In maple sugaring, the equipment that claims the cruelest name is the “extractor,” a device that sounds like it preys on maple trees. What it really does is separate out the sap flowing down toward a vacuum system and puts it into a storage tank without interrupting the flow of vacuum to the tree.

 

[The Not-Very-Quaint Extractor]

Buckets and horses it ain’t. It’s a clever device, and useful in that you can calculate your sap flow by timing how frequently it extracts with its electric pump.

 

Tonight, visiting our rented sugar bush to see if I needed to turn off the vacuum system due to rapidly freezing conditions, I set down to first calculate the extracting times with a stopwatch.

 

I didn’t set this bush up. A man named Chaz did, and I came along to rent it from his family after he passed away a few years ago.

 


[The Sugarhouse at Chaz’s Bush]

 

Our extractor throws about four gallons of sap at a time, so when we see it working every three minutes, we know that we’re running about 80 gallons per hour out of the forest, or about enough to make two gallons of maple syrup.

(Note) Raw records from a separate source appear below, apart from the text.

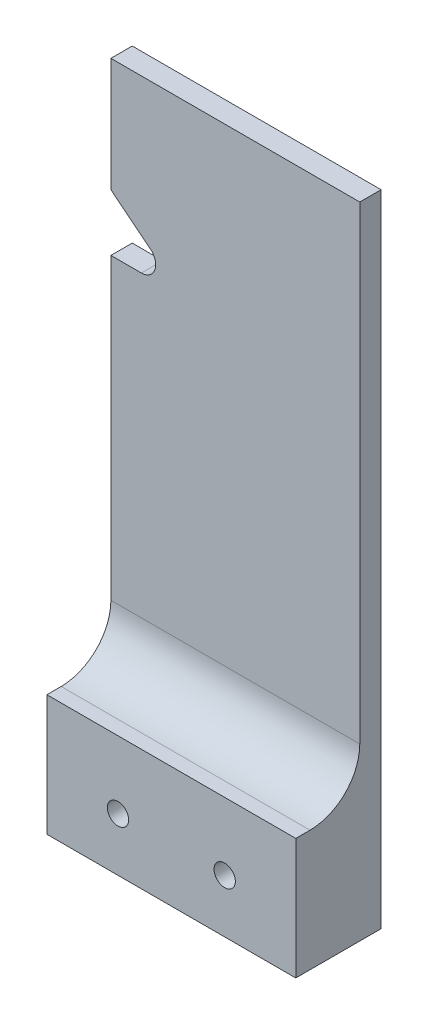
from build123d import *

# Parameters (mm, degrees)
SKETCH_1_W          = 35
SKETCH_1_H          = 90
EXTRUDE_1_DEPTH     = 3
SKETCH_2_W          = 35
SKETCH_2_H          = 17
EXTRUDE_2_DEPTH     = 9
FILLET_1_R          = 7
SKETCH_3_R          = 1.5
CUT_EXTRUDE_3_DEPTH = 50.751884386
CUT_EXTRUDE_4_DEPTH = 50.751884386
FILLET_2_R          = 2


with BuildPart() as part:
    # 草图1 → 凸台-拉伸1 (new body)
    with BuildSketch(Plane.XY):
        Rectangle(SKETCH_1_W, SKETCH_1_H)
    extrude(amount=EXTRUDE_1_DEPTH)

    # 草图2 → 凸台-拉伸2 (add)
    with BuildSketch(Plane.XY.offset(3)):
        with Locations((0, -36.5)):
            Rectangle(SKETCH_2_W, SKETCH_2_H)
    extrude(amount=EXTRUDE_2_DEPTH)

    # 圆角1
    fillet_1_edges = [part.edges().sort_by_distance(p)[0] for p in [
        (0, -28, 3),
    ]]
    fillet(fillet_1_edges, radius=FILLET_1_R)

    # 草图3 → 切除-拉伸3 (cut, through all)
    with BuildSketch(Plane.XY.offset(12)):
        with Locations((-7.5, -37.5)):
            Circle(SKETCH_3_R)
        with Locations((7.5, -37.5)):
            Circle(SKETCH_3_R)
    extrude(amount=-CUT_EXTRUDE_3_DEPTH, mode=Mode.SUBTRACT)

    # 草图4 → 切除-拉伸4 (cut, through all)
    with BuildSketch(Plane(origin=(0, 0, 0), x_dir=(-1, 0, 0), z_dir=(0, 0, -1))):
        Polygon((17.5, 21), (7.5, 21), (17.5, 29), align=None)
    extrude(amount=-CUT_EXTRUDE_4_DEPTH, mode=Mode.SUBTRACT)

    # 圆角2
    fillet_2_edges = [part.edges().sort_by_distance(p)[0] for p in [
        (-7.5, 21, 1.5),
    ]]
    fillet(fillet_2_edges, radius=FILLET_2_R)


solid = part.part

The pump clicks on after 2 minutes, 56 seconds.

 

Just one test is often misleading, so I reset the watch to restart. Killing time, I start going through the trove of Chaz’s notes from years past. Manuals, sugar line layouts, some day-to-day notes. The notes are precious. They show how this bush’s trees interact with weather and temperature, seasons and how Chaz’s equipment – much of which I use – interacts with the sap to create light and dark maple syrup. He’s written down settings, mistakes, clever work-arounds and even occasionally how he felt.

 

3 minutes, 9 seconds later, I hear the extractor click the pump on. I could use another data point.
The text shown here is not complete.